The group also gave new names to three of the planets orbiting Lich: Draugr, Poltergeist and Phobetor. A draugr is an undead creature from Norse mythology. A poltergeist is a ghost that creates physical disturbances, such as strange noises and moving objects. The group felt this was an appropriate name because sometimes, planets around pulsars are detected because of how they disturb the light coming from the pulsar.
Phobetor is "one of the three dream gods in [Greek] mythology, the personification of nightmares," the group wrote. The group wrote that the name was fitting because, before the discovery of planets around pulsars, astronomers only predicted the existence of such planets "in their wildest dreams/nightmares. They did not expect planets to survive a violent supernova, or that they could form out of the supernova remnant. Since this planet experienced a rather nightmarish formation process […] Phobetor is a fitting name." [Supernova Photos: Great Images of Star Explosions]
Names from history and folklore
Another solar system family was named by the Pamplona Planetarium in Spain in honor of a monumental work of Spanish literature. The parent star (mu Arae) is now called Cervantes, after Miguel de Cervantes Saavedra, the Spanish writer who penned "The Ingenious Gentleman Don Quixote of La Mancha." Four of the parent star's planets are named after characters in the book: Quijote (the Spanish spelling of the lead character's name), Dulcinea (Quixote's true love), Rocinante (his horse) and Sancho (his squire).
A planet twice the size of Jupiter that orbits the star Pollux is now known as Thestias. In Greek mythology, Thestias is Pollux's grandfather, according to the citizen astronomy project based in Perth, Australia, known as theSkyNet, which submitted the name.
Another newly renamed star is 47 Ursae Majoris in the constellation Ursa Major, which is known in Western societies as the Great Bear and contains the Big Dipper. But in Thailand, the constellation is known as the Crocodile, according to the Thai Astronomical Society, which submitted the new name for the star: Chalawan.

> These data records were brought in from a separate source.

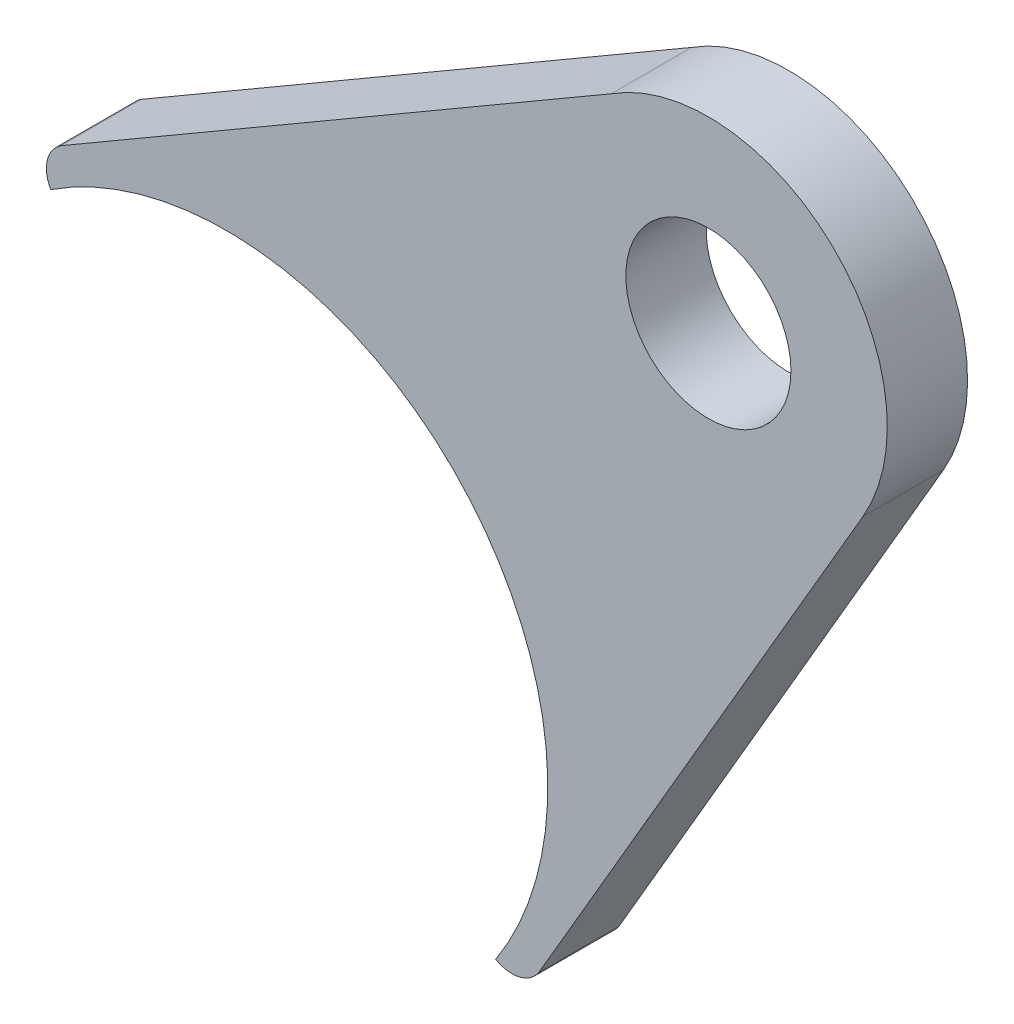
ISO-10303-21;
HEADER;
FILE_DESCRIPTION(('STEP AP214'),'2;1');
FILE_NAME('part.step','',(''),(''),'','','');
FILE_SCHEMA(('AUTOMOTIVE_DESIGN { 1 0 10303 214 1 1 1 1 }'));
ENDSEC;
DATA;
#1=APPLICATION_CONTEXT('core data for automotive mechanical design processes');
#2=APPLICATION_PROTOCOL_DEFINITION('international standard','automotive_design',2000,#1);
#3=PRODUCT_CONTEXT('',#1,'mechanical');
#4=PRODUCT('Part','Part','',(#3));
#5=PRODUCT_RELATED_PRODUCT_CATEGORY('part','',(#4));
#6=PRODUCT_DEFINITION_FORMATION('','',#4);
#7=PRODUCT_DEFINITION_CONTEXT('part definition',#1,'design');
#8=PRODUCT_DEFINITION('design','',#6,#7);
#9=PRODUCT_DEFINITION_SHAPE('','',#8);
#10=(LENGTH_UNIT() NAMED_UNIT(*) SI_UNIT(.MILLI.,.METRE.));
#11=(NAMED_UNIT(*) PLANE_ANGLE_UNIT() SI_UNIT($,.RADIAN.));
#12=(NAMED_UNIT(*) SI_UNIT($,.STERADIAN.) SOLID_ANGLE_UNIT());
#13=UNCERTAINTY_MEASURE_WITH_UNIT(LENGTH_MEASURE(1.E-05),#10,'distance_accuracy_value','');
#14=(GEOMETRIC_REPRESENTATION_CONTEXT(3) GLOBAL_UNCERTAINTY_ASSIGNED_CONTEXT((#13)) GLOBAL_UNIT_ASSIGNED_CONTEXT((#10,
#11,#12)) REPRESENTATION_CONTEXT('',''));
#15=CARTESIAN_POINT('',(0.,0.,0.));
#16=DIRECTION('',(0.,0.,1.));
#17=DIRECTION('',(1.,0.,0.));
#18=AXIS2_PLACEMENT_3D('',#15,#16,#17);
#19=CARTESIAN_POINT('',(-5.85837434433906,11.2675371729913,3.175));
#20=DIRECTION('',(0.,0.,-1.));
#21=DIRECTION('',(-1.,0.,0.));
#22=AXIS2_PLACEMENT_3D('',#19,#20,#21);
#23=PLANE('',#22);
#24=CARTESIAN_POINT('',(-5.85837434433906,11.2675371729913,3.175));
#25=DIRECTION('',(0.,0.,1.));
#26=DIRECTION('',(-1.,0.,0.));
#27=AXIS2_PLACEMENT_3D('',#24,#25,#26);
#28=CIRCLE('',#27,1.26999999999994);
#29=CARTESIAN_POINT('',(-6.54906316048158,12.3332993224671,3.175));
#30=VERTEX_POINT('',#29);
#31=CARTESIAN_POINT('',(-6.9547066047242,10.6264790049294,3.175));
#32=VERTEX_POINT('',#31);
#33=EDGE_CURVE('E159',#30,#32,#28,.T.);
#34=ORIENTED_EDGE('',*,*,#33,.T.);
#35=CARTESIAN_POINT('',(0.,0.,3.175));
#36=DIRECTION('',(0.,0.,-1.));
#37=DIRECTION('',(1.,0.,0.));
#38=AXIS2_PLACEMENT_3D('',#35,#36,#37);
#39=CIRCLE('',#38,12.7);
#40=CARTESIAN_POINT('',(10.6407084109418,-6.93291601804849,3.175));
#41=VERTEX_POINT('',#40);
#42=EDGE_CURVE('E106',#32,#41,#39,.T.);
#43=ORIENTED_EDGE('',*,*,#42,.T.);
#44=CARTESIAN_POINT('',(11.2818459493319,-5.83663017171689,3.175));
#45=DIRECTION('',(0.,0.,1.));
#46=DIRECTION('',(1.,0.,0.));
#47=AXIS2_PLACEMENT_3D('',#44,#45,#46);
#48=CIRCLE('',#47,1.27);
#49=CARTESIAN_POINT('',(12.3488934742751,-6.52533154351209,3.175));
#50=VERTEX_POINT('',#49);
#51=EDGE_CURVE('E119',#41,#50,#48,.T.);
#52=ORIENTED_EDGE('',*,*,#51,.T.);
#53=DIRECTION('',(0.503040153440547,0.864263040993025,0.));
#54=VECTOR('',#53,1.);
#55=CARTESIAN_POINT('',(12.3488934742751,-6.52533154351209,3.175));
#56=LINE('',#55,#54);
#57=CARTESIAN_POINT('',(25.1637103256806,15.4915442585769,3.175));
#58=VERTEX_POINT('',#57);
#59=EDGE_CURVE('E113',#50,#58,#56,.T.);
#60=ORIENTED_EDGE('',*,*,#59,.T.);
#61=CARTESIAN_POINT('',(19.05,19.05,3.175));
#62=DIRECTION('',(0.,0.,1.));
#63=DIRECTION('',(1.,0.,0.));
#64=AXIS2_PLACEMENT_3D('',#61,#62,#63);
#65=CIRCLE('',#64,7.07389999999995);
#66=CARTESIAN_POINT('',(15.2028632940858,24.9862951725809,3.175));
#67=VERTEX_POINT('',#66);
#68=EDGE_CURVE('E117',#58,#67,#65,.T.);
#69=ORIENTED_EDGE('',*,*,#68,.T.);
#70=DIRECTION('',(-0.86439446197605,-0.502814293855232,0.));
#71=VECTOR('',#70,1.);
#72=CARTESIAN_POINT('',(-6.54906316048158,12.3332993224671,3.175));
#73=LINE('',#72,#71);
#74=EDGE_CURVE('E69',#67,#30,#73,.T.);
#75=ORIENTED_EDGE('',*,*,#74,.T.);
#76=EDGE_LOOP('',(#34,#43,#52,#60,#69,#75));
#77=FACE_BOUND('',#76,.T.);
#78=CARTESIAN_POINT('',(19.05,19.05,3.175));
#79=DIRECTION('',(0.,0.,1.));
#80=DIRECTION('',(1.,0.,0.));
#81=AXIS2_PLACEMENT_3D('',#78,#79,#80);
#82=CIRCLE('',#81,3.2639);
#83=CARTESIAN_POINT('',(22.3139,19.05,3.175));
#84=VERTEX_POINT('',#83);
#85=EDGE_CURVE('E147',#84,#84,#82,.T.);
#86=ORIENTED_EDGE('',*,*,#85,.F.);
#87=EDGE_LOOP('',(#86));
#88=FACE_BOUND('',#87,.T.);
#89=ADVANCED_FACE('F51',(#77,#88),#23,.F.);
#90=CARTESIAN_POINT('',(-5.85837434433906,11.2675371729913,0.));
#91=DIRECTION('',(0.,0.,-1.));
#92=DIRECTION('',(-1.,0.,0.));
#93=AXIS2_PLACEMENT_3D('',#90,#91,#92);
#94=PLANE('',#93);
#95=CARTESIAN_POINT('',(-5.85837434433906,11.2675371729913,0.));
#96=DIRECTION('',(0.,0.,1.));
#97=DIRECTION('',(-1.,0.,0.));
#98=AXIS2_PLACEMENT_3D('',#95,#96,#97);
#99=CIRCLE('',#98,1.26999999999994);
#100=CARTESIAN_POINT('',(-6.54906316048158,12.3332993224671,0.));
#101=VERTEX_POINT('',#100);
#102=CARTESIAN_POINT('',(-6.9547066047242,10.6264790049294,0.));
#103=VERTEX_POINT('',#102);
#104=EDGE_CURVE('E142',#101,#103,#99,.T.);
#105=ORIENTED_EDGE('',*,*,#104,.F.);
#106=DIRECTION('',(-0.86439446197605,-0.502814293855232,0.));
#107=VECTOR('',#106,1.);
#108=CARTESIAN_POINT('',(-6.54906316048158,12.3332993224671,0.));
#109=LINE('',#108,#107);
#110=CARTESIAN_POINT('',(15.2028632940858,24.9862951725809,0.));
#111=VERTEX_POINT('',#110);
#112=EDGE_CURVE('E98',#111,#101,#109,.T.);
#113=ORIENTED_EDGE('',*,*,#112,.F.);
#114=CARTESIAN_POINT('',(19.05,19.05,0.));
#115=DIRECTION('',(0.,0.,1.));
#116=DIRECTION('',(1.,0.,0.));
#117=AXIS2_PLACEMENT_3D('',#114,#115,#116);
#118=CIRCLE('',#117,7.07389999999995);
#119=CARTESIAN_POINT('',(25.1637103256806,15.4915442585769,0.));
#120=VERTEX_POINT('',#119);
#121=EDGE_CURVE('E92',#120,#111,#118,.T.);
#122=ORIENTED_EDGE('',*,*,#121,.F.);
#123=DIRECTION('',(0.503040153440547,0.864263040993025,0.));
#124=VECTOR('',#123,1.);
#125=CARTESIAN_POINT('',(12.3488934742751,-6.52533154351209,0.));
#126=LINE('',#125,#124);
#127=CARTESIAN_POINT('',(12.3488934742751,-6.52533154351209,0.));
#128=VERTEX_POINT('',#127);
#129=EDGE_CURVE('E128',#128,#120,#126,.T.);
#130=ORIENTED_EDGE('',*,*,#129,.F.);
#131=CARTESIAN_POINT('',(11.2818459493319,-5.83663017171689,0.));
#132=DIRECTION('',(0.,0.,1.));
#133=DIRECTION('',(1.,0.,0.));
#134=AXIS2_PLACEMENT_3D('',#131,#132,#133);
#135=CIRCLE('',#134,1.27);
#136=CARTESIAN_POINT('',(10.6407084109418,-6.93291601804849,0.));
#137=VERTEX_POINT('',#136);
#138=EDGE_CURVE('E150',#137,#128,#135,.T.);
#139=ORIENTED_EDGE('',*,*,#138,.F.);
#140=CARTESIAN_POINT('',(0.,0.,0.));
#141=DIRECTION('',(0.,0.,-1.));
#142=DIRECTION('',(1.,0.,0.));
#143=AXIS2_PLACEMENT_3D('',#140,#141,#142);
#144=CIRCLE('',#143,12.7);
#145=EDGE_CURVE('E146',#103,#137,#144,.T.);
#146=ORIENTED_EDGE('',*,*,#145,.F.);
#147=EDGE_LOOP('',(#105,#113,#122,#130,#139,#146));
#148=FACE_BOUND('',#147,.T.);
#149=CARTESIAN_POINT('',(19.05,19.05,0.));
#150=DIRECTION('',(0.,0.,1.));
#151=DIRECTION('',(1.,0.,0.));
#152=AXIS2_PLACEMENT_3D('',#149,#150,#151);
#153=CIRCLE('',#152,3.2639);
#154=CARTESIAN_POINT('',(22.3139,19.05,0.));
#155=VERTEX_POINT('',#154);
#156=EDGE_CURVE('E257',#155,#155,#153,.T.);
#157=ORIENTED_EDGE('',*,*,#156,.T.);
#158=EDGE_LOOP('',(#157));
#159=FACE_BOUND('',#158,.T.);
#160=ADVANCED_FACE('F173',(#148,#159),#94,.T.);
#161=CARTESIAN_POINT('',(-5.85837434433906,11.2675371729913,3.175));
#162=DIRECTION('',(0.,0.,-1.));
#163=DIRECTION('',(-1.,0.,0.));
#164=AXIS2_PLACEMENT_3D('',#161,#162,#163);
#165=CYLINDRICAL_SURFACE('',#164,1.26999999999994);
#166=ORIENTED_EDGE('',*,*,#104,.T.);
#167=DIRECTION('',(0.,0.,-1.));
#168=VECTOR('',#167,1.);
#169=CARTESIAN_POINT('',(-6.9547066047242,10.6264790049294,3.175));
#170=LINE('',#169,#168);
#171=EDGE_CURVE('E13',#32,#103,#170,.T.);
#172=ORIENTED_EDGE('',*,*,#171,.F.);
#173=ORIENTED_EDGE('',*,*,#33,.F.);
#174=DIRECTION('',(0.,0.,-1.));
#175=VECTOR('',#174,1.);
#176=CARTESIAN_POINT('',(-6.54906316048158,12.3332993224671,3.175));
#177=LINE('',#176,#175);
#178=EDGE_CURVE('E138',#30,#101,#177,.T.);
#179=ORIENTED_EDGE('',*,*,#178,.T.);
#180=EDGE_LOOP('',(#166,#172,#173,#179));
#181=FACE_BOUND('',#180,.T.);
#182=ADVANCED_FACE('F53',(#181),#165,.T.);
#183=CARTESIAN_POINT('',(0.,0.,3.175));
#184=DIRECTION('',(0.,0.,-1.));
#185=DIRECTION('',(-1.,0.,0.));
#186=AXIS2_PLACEMENT_3D('',#183,#184,#185);
#187=CYLINDRICAL_SURFACE('',#186,12.7);
#188=ORIENTED_EDGE('',*,*,#145,.T.);
#189=DIRECTION('',(0.,0.,-1.));
#190=VECTOR('',#189,1.);
#191=CARTESIAN_POINT('',(10.6407084109418,-6.93291601804849,3.175));
#192=LINE('',#191,#190);
#193=EDGE_CURVE('E61',#41,#137,#192,.T.);
#194=ORIENTED_EDGE('',*,*,#193,.F.);
#195=ORIENTED_EDGE('',*,*,#42,.F.);
#196=ORIENTED_EDGE('',*,*,#171,.T.);
#197=EDGE_LOOP('',(#188,#194,#195,#196));
#198=FACE_BOUND('',#197,.T.);
#199=ADVANCED_FACE('F198',(#198),#187,.F.);
#200=CARTESIAN_POINT('',(11.2818459493319,-5.83663017171689,3.175));
#201=DIRECTION('',(0.,0.,-1.));
#202=DIRECTION('',(-1.,0.,0.));
#203=AXIS2_PLACEMENT_3D('',#200,#201,#202);
#204=CYLINDRICAL_SURFACE('',#203,1.27);
#205=ORIENTED_EDGE('',*,*,#138,.T.);
#206=DIRECTION('',(0.,0.,-1.));
#207=VECTOR('',#206,1.);
#208=CARTESIAN_POINT('',(12.3488934742751,-6.52533154351209,3.175));
#209=LINE('',#208,#207);
#210=EDGE_CURVE('E130',#50,#128,#209,.T.);
#211=ORIENTED_EDGE('',*,*,#210,.F.);
#212=ORIENTED_EDGE('',*,*,#51,.F.);
#213=ORIENTED_EDGE('',*,*,#193,.T.);
#214=EDGE_LOOP('',(#205,#211,#212,#213));
#215=FACE_BOUND('',#214,.T.);
#216=ADVANCED_FACE('F170',(#215),#204,.T.);
#217=CARTESIAN_POINT('',(12.3488934742751,-6.52533154351209,3.175));
#218=DIRECTION('',(-0.864263040993025,0.503040153440547,0.));
#219=DIRECTION('',(-0.503040153440547,-0.864263040993025,0.));
#220=AXIS2_PLACEMENT_3D('',#217,#218,#219);
#221=PLANE('',#220);
#222=ORIENTED_EDGE('',*,*,#129,.T.);
#223=DIRECTION('',(0.,0.,-1.));
#224=VECTOR('',#223,1.);
#225=CARTESIAN_POINT('',(25.1637103256806,15.4915442585769,3.175));
#226=LINE('',#225,#224);
#227=EDGE_CURVE('E125',#58,#120,#226,.T.);
#228=ORIENTED_EDGE('',*,*,#227,.F.);
#229=ORIENTED_EDGE('',*,*,#59,.F.);
#230=ORIENTED_EDGE('',*,*,#210,.T.);
#231=EDGE_LOOP('',(#222,#228,#229,#230));
#232=FACE_BOUND('',#231,.T.);
#233=ADVANCED_FACE('F126',(#232),#221,.F.);
#234=CARTESIAN_POINT('',(19.05,19.05,3.175));
#235=DIRECTION('',(0.,0.,-1.));
#236=DIRECTION('',(-1.,0.,0.));
#237=AXIS2_PLACEMENT_3D('',#234,#235,#236);
#238=CYLINDRICAL_SURFACE('',#237,7.07389999999995);
#239=ORIENTED_EDGE('',*,*,#121,.T.);
#240=DIRECTION('',(0.,0.,-1.));
#241=VECTOR('',#240,1.);
#242=CARTESIAN_POINT('',(15.2028632940858,24.9862951725809,3.175));
#243=LINE('',#242,#241);
#244=EDGE_CURVE('E131',#67,#111,#243,.T.);
#245=ORIENTED_EDGE('',*,*,#244,.F.);
#246=ORIENTED_EDGE('',*,*,#68,.F.);
#247=ORIENTED_EDGE('',*,*,#227,.T.);
#248=EDGE_LOOP('',(#239,#245,#246,#247));
#249=FACE_BOUND('',#248,.T.);
#250=ADVANCED_FACE('F133',(#249),#238,.T.);
#251=CARTESIAN_POINT('',(-6.54906316048158,12.3332993224671,3.175));
#252=DIRECTION('',(0.502814293855232,-0.86439446197605,0.));
#253=DIRECTION('',(0.86439446197605,0.502814293855232,0.));
#254=AXIS2_PLACEMENT_3D('',#251,#252,#253);
#255=PLANE('',#254);
#256=ORIENTED_EDGE('',*,*,#112,.T.);
#257=ORIENTED_EDGE('',*,*,#178,.F.);
#258=ORIENTED_EDGE('',*,*,#74,.F.);
#259=ORIENTED_EDGE('',*,*,#244,.T.);
#260=EDGE_LOOP('',(#256,#257,#258,#259));
#261=FACE_BOUND('',#260,.T.);
#262=ADVANCED_FACE('F178',(#261),#255,.F.);
#263=CARTESIAN_POINT('',(19.05,19.05,3.175));
#264=DIRECTION('',(0.,0.,-1.));
#265=DIRECTION('',(-1.,0.,0.));
#266=AXIS2_PLACEMENT_3D('',#263,#264,#265);
#267=CYLINDRICAL_SURFACE('',#266,3.2639);
#268=ORIENTED_EDGE('',*,*,#85,.T.);
#269=EDGE_LOOP('',(#268));
#270=FACE_BOUND('',#269,.T.);
#271=ORIENTED_EDGE('',*,*,#156,.F.);
#272=EDGE_LOOP('',(#271));
#273=FACE_BOUND('',#272,.T.);
#274=ADVANCED_FACE('F180',(#270,#273),#267,.F.);
#275=CLOSED_SHELL('',(#89,#160,#182,#199,#216,#233,#250,#262,#274));
#276=MANIFOLD_SOLID_BREP('B2',#275);
#277=ADVANCED_BREP_SHAPE_REPRESENTATION('',(#18,#276),#14);
#278=SHAPE_DEFINITION_REPRESENTATION(#9,#277);
ENDSEC;
END-ISO-10303-21;

"The Thai Astronomical Society thus proposes to name 47 Ursae Majoris as the legendary Chalawan, the great crocodile from a popular Thai folktale 'The Legend of Krai Thong,'" said the society's submission text, which is available on the IAU website. "Lord Chalawan was a large, powerful and aggressive crocodile made invulnerable by the magic of his crystal tooth. His lair was an underwater cave in the town of Phichit. The cave had an enchanted crystal that turned Lord Chalawan into a human when he was in the cave. Lord Chalawan abducted Taphao Thong and took her to his cave. He was later defeated by Krai Thong."
The group also named two planets orbiting the star: Taphao Thong and Taphao Kaew, two characters from the story of Chalawan.